According to the author salt actually helps the situation by preventing/slowing the contraction of the tissue near the top and edges and the subsequent release of albumen (which when cooked looks white).

We sometimes "country fry" round steak (hard to find this cut in my area lately) that has been moistened (just water nothing fancy) and heavily dusted with seasoned flour....same thing leaks out.
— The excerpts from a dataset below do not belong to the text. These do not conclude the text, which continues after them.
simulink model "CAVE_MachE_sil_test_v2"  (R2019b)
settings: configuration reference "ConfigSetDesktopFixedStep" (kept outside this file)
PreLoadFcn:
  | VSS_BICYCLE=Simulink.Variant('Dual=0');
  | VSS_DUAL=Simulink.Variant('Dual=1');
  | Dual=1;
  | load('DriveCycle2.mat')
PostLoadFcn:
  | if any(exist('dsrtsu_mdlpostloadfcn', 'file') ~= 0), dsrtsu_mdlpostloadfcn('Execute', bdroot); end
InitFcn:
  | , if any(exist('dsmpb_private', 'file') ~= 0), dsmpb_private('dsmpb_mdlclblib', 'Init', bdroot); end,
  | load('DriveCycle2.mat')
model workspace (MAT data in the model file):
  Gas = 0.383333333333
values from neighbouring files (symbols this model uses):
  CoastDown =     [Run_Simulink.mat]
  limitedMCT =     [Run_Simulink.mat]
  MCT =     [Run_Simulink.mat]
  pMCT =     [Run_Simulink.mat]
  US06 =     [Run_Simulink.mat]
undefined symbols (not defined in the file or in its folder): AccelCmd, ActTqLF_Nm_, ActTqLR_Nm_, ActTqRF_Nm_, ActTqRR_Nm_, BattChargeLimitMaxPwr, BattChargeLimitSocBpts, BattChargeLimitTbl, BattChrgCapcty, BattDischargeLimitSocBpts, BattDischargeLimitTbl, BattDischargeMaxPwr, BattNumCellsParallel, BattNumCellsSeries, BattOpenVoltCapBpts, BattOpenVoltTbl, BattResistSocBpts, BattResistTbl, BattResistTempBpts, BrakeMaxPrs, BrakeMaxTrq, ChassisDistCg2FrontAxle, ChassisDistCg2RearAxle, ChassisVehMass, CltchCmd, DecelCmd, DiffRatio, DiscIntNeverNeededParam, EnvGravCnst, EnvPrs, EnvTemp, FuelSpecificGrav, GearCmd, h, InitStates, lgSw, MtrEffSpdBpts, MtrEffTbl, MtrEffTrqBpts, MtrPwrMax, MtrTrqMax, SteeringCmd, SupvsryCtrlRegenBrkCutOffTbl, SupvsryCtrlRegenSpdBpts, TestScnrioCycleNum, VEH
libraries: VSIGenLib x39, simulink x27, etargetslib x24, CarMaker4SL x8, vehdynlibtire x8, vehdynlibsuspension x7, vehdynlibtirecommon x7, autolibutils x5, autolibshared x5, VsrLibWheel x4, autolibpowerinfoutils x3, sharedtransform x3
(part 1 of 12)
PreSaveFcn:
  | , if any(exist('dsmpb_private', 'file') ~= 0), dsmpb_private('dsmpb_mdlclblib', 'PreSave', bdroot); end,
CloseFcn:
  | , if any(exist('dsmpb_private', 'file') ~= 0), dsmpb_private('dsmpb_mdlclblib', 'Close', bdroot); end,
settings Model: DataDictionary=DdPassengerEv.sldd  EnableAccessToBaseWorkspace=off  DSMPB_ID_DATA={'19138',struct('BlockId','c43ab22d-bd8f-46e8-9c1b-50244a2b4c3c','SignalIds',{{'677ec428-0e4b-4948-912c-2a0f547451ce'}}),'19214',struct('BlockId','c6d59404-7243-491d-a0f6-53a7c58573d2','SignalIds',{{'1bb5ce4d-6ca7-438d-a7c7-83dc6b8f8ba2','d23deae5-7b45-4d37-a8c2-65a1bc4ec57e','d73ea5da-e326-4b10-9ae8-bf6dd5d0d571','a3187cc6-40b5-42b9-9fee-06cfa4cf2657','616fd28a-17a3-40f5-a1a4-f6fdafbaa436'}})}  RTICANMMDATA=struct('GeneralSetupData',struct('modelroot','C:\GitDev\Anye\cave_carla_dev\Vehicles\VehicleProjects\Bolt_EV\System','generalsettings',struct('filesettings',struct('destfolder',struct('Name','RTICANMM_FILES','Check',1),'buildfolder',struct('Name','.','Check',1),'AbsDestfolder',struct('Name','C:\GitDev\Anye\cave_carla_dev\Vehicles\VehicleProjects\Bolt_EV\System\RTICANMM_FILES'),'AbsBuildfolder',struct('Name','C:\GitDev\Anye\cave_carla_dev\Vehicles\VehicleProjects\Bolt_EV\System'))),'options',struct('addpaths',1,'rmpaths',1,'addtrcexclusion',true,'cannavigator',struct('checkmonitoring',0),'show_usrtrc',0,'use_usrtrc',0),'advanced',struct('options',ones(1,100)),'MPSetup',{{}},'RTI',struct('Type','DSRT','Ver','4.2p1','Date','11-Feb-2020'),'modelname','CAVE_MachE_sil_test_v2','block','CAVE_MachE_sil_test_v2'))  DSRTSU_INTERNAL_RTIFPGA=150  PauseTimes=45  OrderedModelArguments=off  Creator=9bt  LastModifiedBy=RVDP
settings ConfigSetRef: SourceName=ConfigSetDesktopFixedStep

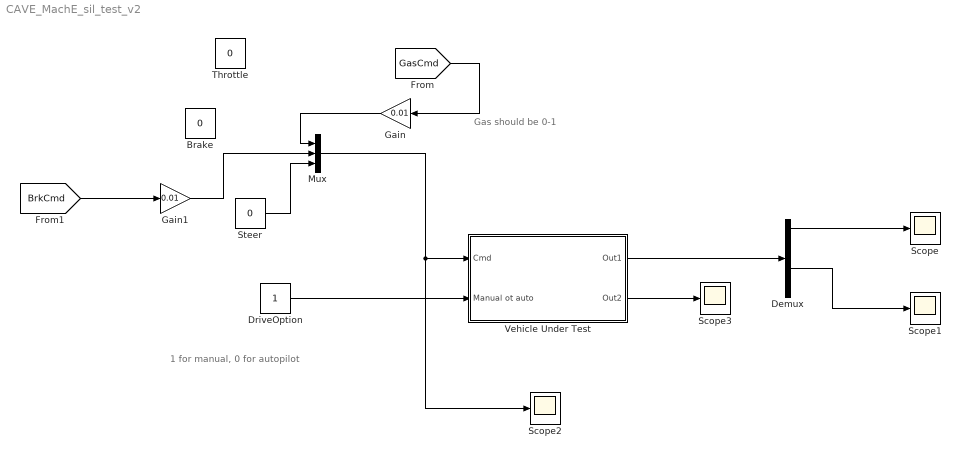
== system CAVE_MachE_sil_test_v2 ==
  note: 1 for manual, 0 for autopilot
  note: Gas should be 0-1
  Brake : Constant  Value=0
  Demux : Demux
  DriveOption : Constant
  Gain : Gain  Gain=0.01
  Gain1 : Gain  Gain=0.01
  Mux : Mux  Inputs=3
  Scope{,1..3} (4 alike) : Scope
  Steer : Constant  Value=0
  Throttle : Constant  Value=0
  Vehicle Under Test : Subsystem
  wires:
  Vehicle Under Test/1(Out1) -> Demux/1
  Demux/1 -> Scope/1
  Mux/1 -> Scope2/1, Vehicle Under Test/1(Cmd)
  Demux/3 -> Scope1/1
  Vehicle Under Test/2(Out2) -> Scope3/1
  DriveOption/1 -> Vehicle Under Test/2(Manual ot auto)
  [GasCmd] -> Gain/1
  [BrkCmd] -> Gain1/1
  Steer/1 -> Mux/3
  Gain1/1 -> Mux/2
  Gain/1 -> Mux/1

== system CAVE_MachE_sil_test_v2/Vehicle Under Test ==
  Cmd : Inport
  Manual ot auto : Inport  Port=2
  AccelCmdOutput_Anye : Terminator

Let the bits cook until brown then remove to a bowl....replace just before deglazing...adds quite a bit of flavor to the sauce (or since it is a country dish...pan gravy ;-)

mimi


----------



## koukouvagia (Apr 3, 2008)

So basically I just scrape it off.  It is especially ugly on fish.  But I also do not like that it stays in the pan and interferes with my sauce.  I end up always having to strain my pan sauce eventhough I don't always want to.


----------



## chrislehrer (Oct 9, 2008)

I am inclined to think that @MaryB is on to something here.

As she says, _most_ grocery store pork--and chicken, turkey, etc--is full of "retained water." @kokopuffs, you might be very fortunate on this, but if you live in the US I'm betting you just don't know about it. The trick is that when the animal is slaughtered, it's warm, and it's got to be chilled quickly. So the slaughterhouse usually drops it in cold water. As it cools, it absorbs some of that water.

Now that's the start of it, but once you're allowed to chill meat this way, you start thinking, "hey, if I can _encourage_ the meat to absorb some water, maybe a little super-light brine or whatever, then I can sell _water as meat_!" And of course the government says, "big corporation wants to undermine the quality of foods provided to the average American customer? Why yes, please! In fact, we'll write up a label you can stick on your product that will validate your dubious practices!"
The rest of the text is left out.